• Stored dataset items:
-- Opening Marker --
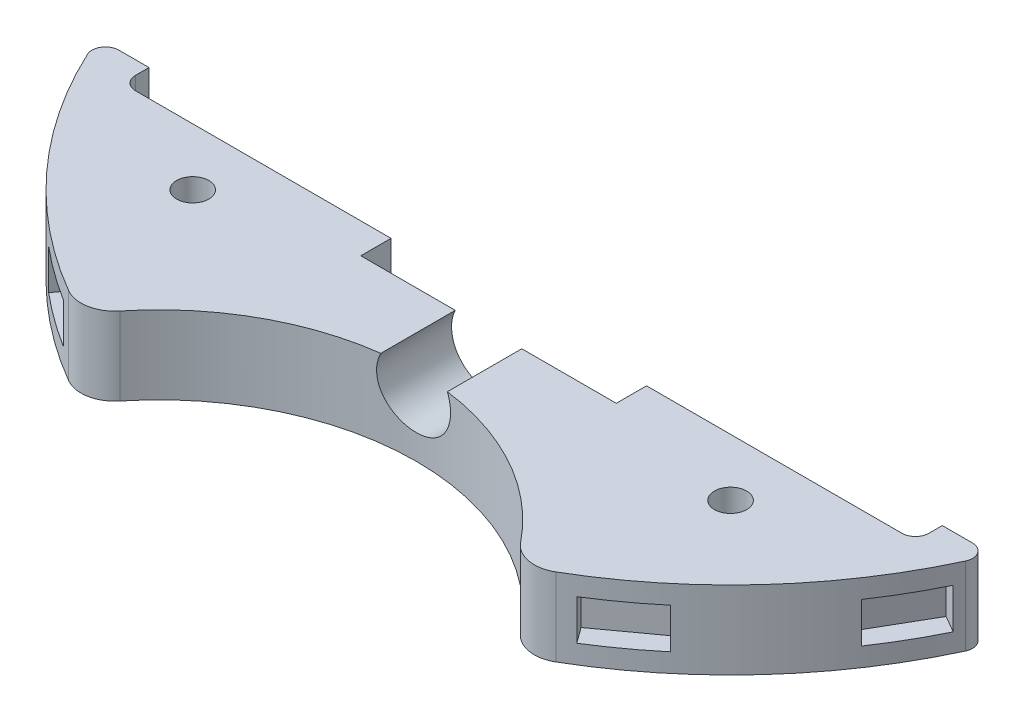
SolidWorks part; units mm, degrees
material "ABS"
ref_plane "Front Plane" through (0, 0, 0) normal (0, 0, 1) x (1, 0, 0)
ref_plane "Top Plane" through (0, 0, 0) normal (0, 1, 0) x (1, 0, 0)
ref_plane "Right Plane" through (0, 0, 0) normal (1, 0, 0) x (0, 0, -1)
sketch "Sketch1" plane through (0, 0, 0) normal (0, 1, 0) x (1, 0, 0)
  line L0 (0, -85) -> (-32.2211, -64.3879) construction
  line L1 (0, -85) -> (0, 0) construction
  arc A0 (36.2245, -62.2237) -> (-36.2245, -62.2237) centre (0, 0) ccw
  arc A1 (29.8119, -61.0352) -> (-29.8119, -61.0352) centre (0, -85) ccw
  arc A2 (36.2245, -62.2237) -> (29.8119, -61.0352) centre (33.7089, -57.9026) cw
  arc A3 (-29.8119, -61.0352) -> (-36.2245, -62.2237) centre (-33.7089, -57.9026) cw
  dimension "D1" = 144
  dimension "D2" = 76.5
  dimension "D4" = 5
  dimension "D3" = 85
extrude "Boss-Extrude1" add sketch "Sketch1" along normal mid plane 11.6
sketch "solenoid placement" plane through (0, 5.8, 0) normal (0, 1, 0) x (1, 0, 0)
  line L0 (0, 0) -> (0, -36) construction
  line L5 (-19, -36) -> (19, -36)
  line L7 (19, -36) -> (19, 28)
  line L9 (19, 28) -> (-19, 28)
  line L11 (-19, 28) -> (-19, -36)
  circle A1 centre (0, 0) radius 72 construction
  arc A2 (36.2245, -62.2237) -> (-36.2245, -62.2237) centre (0, 0) ccw construction
  point P7 (0, 28)
  dimension "D1" = 38
  dimension "D2" = 64
  dimension "D3" = 36
extrude "Cut-Extrude1" cut sketch "solenoid placement" against normal through all
sketch "Sketch6" plane through (0, 5.8, 0) normal (0, 1, 0) x (1, 0, 0)
  line L0 (0, 0) -> (0, -46.75) construction
  arc A0 (29.8119, -61.0352) -> (-29.8119, -61.0352) centre (0, -85) ccw construction
  circle A1 centre (40, -40) radius 2.4
  circle A4 centre (-40, -40) radius 2.4
  dimension "D1" = 4.8
  dimension "D2" = 40
  dimension "D3" = 40
extrude "Cut-Extrude6" cut sketch "Sketch6" against normal through all
sketch "Sketch3" plane through (0, 5.8, 0) normal (0, 1, 0) x (1, 0, 0)
  line L0 (-72, -27.5) -> (-59, -27.5)
  line L1 (-59, -31.5) -> (59, -31.5)
  line L2 (-72, -27.5) -> (-72, 31.5)
  line L3 (-59, -27.5) -> (-59, -31.5)
  line L4 (72, -27.5) -> (72, 31.5)
  line L5 (-72, 31.5) -> (72, 31.5) construction
  line L6 (0, 31.5) -> (0, -31.5) construction
  line L7 (59, -27.5) -> (59, -31.5)
  line L8 (-72, 31.5) -> (-72, 72)
  line L9 (72, -27.5) -> (59, -27.5)
  line L10 (-72, 72) -> (72, 72)
  line L11 (72, 31.5) -> (72, 72)
  arc A0 (36.2245, -62.2237) -> (-36.2245, -62.2237) centre (0, 0) ccw construction
  arc A1 (36.2245, -62.2237) -> (-36.2245, -62.2237) centre (0, 0) ccw construction
  point P0 (0, 0)
  dimension "D2" = 4
  dimension "D1" = 63
  dimension "D3" = 13
extrude "Cut-Extrude3" cut sketch "Sketch3" against normal through all
fillet "Fillet1" radius 2 4 edges at (66.5413, 0, 27.5) (59, 0, 31.5) (-66.5413, 0, 27.5) (-59, 0, 31.5)
sketch "Sketch8" plane through (0, 0, 0) normal (0, 1, 0) x (1, 0, 0)
  line L0 (0, 0) -> (62.3538, -36) construction
  line L1 (0, 0) -> (42.3205, -58.2492) construction
  line L2 (0, 0) -> (14.9696, -70.4266) construction
  line L3 (0, 0) -> (-14.9696, -70.4266) construction
  line L4 (-42.3205, -58.2492) -> (0, 0) construction
  line L5 (0, 0) -> (-62.3538, -36) construction
  line L6 (0, 0) -> (0, -72) construction
  arc A0 (-62.3538, -36) -> (-42.3205, -58.2492) centre (0, 0) ccw construction
  arc A1 (62.3538, -36) -> (42.3205, -58.2492) centre (0, 0) cw construction
  arc A2 (14.9696, -70.4266) -> (42.3205, -58.2492) centre (0, 0) ccw construction
  arc A3 (14.9696, -70.4266) -> (-14.9696, -70.4266) centre (0, 0) cw construction
  arc A4 (-14.9696, -70.4266) -> (-42.3205, -58.2492) centre (0, 0) cw construction
  arc A5 (36.2245, -62.2237) -> (65.294, -30.3429) centre (0, 0) ccw construction
  dimension "D1" = 120
sketch "Sketch9" plane through (0, 0, 0) normal (0, 1, 0) x (1, 0, 0)
  line L0 (0, 0) -> (-59.7033, -40.2432) construction
  line L1 (0, 0) -> (-64.7033, -31.583) construction
  line L2 (-64.7033, -31.583) -> (-59.7033, -40.2432) construction
  line L3 (-64.7033, -31.583) -> (-62.1918, -30.133)
  line L4 (-62.1918, -30.133) -> (-57.1918, -38.7932)
  line L5 (-57.1918, -38.7932) -> (-59.7033, -40.2432)
  line L6 (-46.2635, -55.1697) -> (-44.5589, -52.8235)
  line L7 (-44.5589, -52.8235) -> (-36.4687, -58.7014)
  line L8 (-36.4687, -58.7014) -> (-38.1733, -61.0475)
  line L9 (0, 0) -> (-38.1733, -61.0475) construction
  line L10 (0, 0) -> (-46.2635, -55.1697) construction
  line L11 (-46.2635, -55.1697) -> (-38.1733, -61.0475) construction
  line L12 (-19.8242, -69.217) -> (-19.2213, -66.3804) [skipped]
  line L13 (-19.2213, -66.3804) -> (-9.4398, -68.4595) [skipped]
  line L14 (-9.4398, -68.4595) -> (-10.0428, -71.2962) [skipped]
  line L15 (0, 0) -> (-10.0428, -71.2962) construction
  line L16 (0, 0) -> (-19.8242, -69.217) construction
  line L17 (-19.8242, -69.217) -> (-10.0428, -71.2962) construction
  line L18 (10.0428, -71.2962) -> (9.4398, -68.4595) [skipped]
  line L19 (9.4398, -68.4595) -> (19.2213, -66.3804) [skipped]
  line L20 (19.2213, -66.3804) -> (19.8242, -69.217) [skipped]
  line L21 (0, 0) -> (19.8242, -69.217) construction
  line L22 (0, 0) -> (10.0428, -71.2962) construction
  line L23 (10.0428, -71.2962) -> (19.8242, -69.217) construction
  line L24 (38.1733, -61.0475) -> (36.4687, -58.7014)
  line L25 (36.4687, -58.7014) -> (44.5589, -52.8235)
  line L26 (44.5589, -52.8235) -> (46.2635, -55.1697)
  line L27 (0, 0) -> (46.2635, -55.1697) construction
  line L28 (0, 0) -> (38.1733, -61.0475) construction
  line L29 (38.1733, -61.0475) -> (46.2635, -55.1697) construction
  line L30 (59.7033, -40.2432) -> (57.1918, -38.7932)
  line L31 (57.1918, -38.7932) -> (62.1918, -30.133)
  line L32 (62.1918, -30.133) -> (64.7033, -31.583)
  line L33 (0, 0) -> (64.7033, -31.583) construction
  line L34 (0, 0) -> (59.7033, -40.2432) construction
  line L35 (59.7033, -40.2432) -> (64.7033, -31.583) construction
  arc A0 (-59.7033, -40.2432) -> (-64.7033, -31.583) centre (0, 0) cw
  arc A1 (-62.3538, -36) -> (-42.3205, -58.2492) centre (0, 0) ccw construction
  arc A2 (-38.1733, -61.0475) -> (-46.2635, -55.1697) centre (0, 0) cw
  arc A3 (-10.0428, -71.2962) -> (-19.8242, -69.217) centre (0, 0) cw [skipped]
  arc A4 (19.8242, -69.217) -> (10.0428, -71.2962) centre (0, 0) cw [skipped]
  arc A5 (46.2635, -55.1697) -> (38.1733, -61.0475) centre (0, 0) cw
  arc A6 (64.7033, -31.583) -> (59.7033, -40.2432) centre (0, 0) cw
  point P5 (0, 0)
  point P8 (-62.3538, -36)
  point P12 (62.3538, -36)
  point P34 (0, 0)
  dimension "D1" = 10
  dimension "D2" = 2.9
  dimension "D3" = 6
extrude "Cut-Extrude7" cut sketch "Sketch9" against normal mid plane 6
sketch "Sketch11" plane through (0, 0, 36) normal (0, 0, -1) x (-1, 0, 0)
  line L0 (0, -5.8) -> (0, 3.4) construction
  line L1 (19, -5.8) -> (-19, -5.8) construction
  circle A0 centre (0, 3.4) radius 5.5
  dimension "D2" = 11
  dimension "D1" = 9.2
extrude "Cut-Extrude8" cut sketch "Sketch11" against normal through all
equation "\"smallPulleyTeeth\"= 15"
equation "\"largePulleyTeeth\"= 30"
equation "\"eighthThick\"= 2.9mm"
equation "\"sixteenthThick\" = 1.7mm"
equation "\"quarterThick\"=6.0mm"
equation "\"OD\" = 146mm"
equation "\"puckAngle\" = 60.5deg"
equation "\"puckDiam\" = 76.5mm"
equation "\"D2@Sketch1\"=\"puckDiam\""
equation "\"D1@Boss-Extrude1\"=\"eighthThick\"*4"
equation "\"axlePress\" = 5.9mm"
equation "\"press\" = 0.2mm"
equation "\"wheelClear\" = 0.3mm"
equation "\"10-32clear\" = 4.8mm"
equation "\"6-32clear\" = 3.3mm"
equation "\"8-32clear\" = 4.0mm"
equation "\"wheelHeight\" = 22mm"
equation "\"wheelWell\" = 65mm"
equation "\"puckDist\" = 85mm"
equation "\"scoopFillet\" = 5mm"
equation "\"4-40clear\" = 3.0mm"
equation "\"D3@Sketch1\"=\"puckDist\""
equation "\"D4@Sketch1\"=\"scoopFillet\""
equation "\"D1@Sketch6\"=\"10-32clear\""
equation "\"D2@Sketch9\"=\"eighthThick\""
-- Closing Marker --
• Exercise aim: Give back, exactly as written, the stretch from the line with "line L5 (-72, 31.5)" through the line with "arc A1 (36.2245, -62.2237)", and no other lines from the records above.

• Result of this task:
  line L5 (-72, 31.5) -> (72, 31.5) construction
  line L6 (0, 31.5) -> (0, -31.5) construction
  line L7 (59, -27.5) -> (59, -31.5)
  line L8 (-72, 31.5) -> (-72, 72)
  line L9 (72, -27.5) -> (59, -27.5)
  line L10 (-72, 72) -> (72, 72)
  line L11 (72, 31.5) -> (72, 72)
  arc A0 (36.2245, -62.2237) -> (-36.2245, -62.2237) centre (0, 0) ccw construction
  arc A1 (36.2245, -62.2237) -> (-36.2245, -62.2237) centre (0, 0) ccw construction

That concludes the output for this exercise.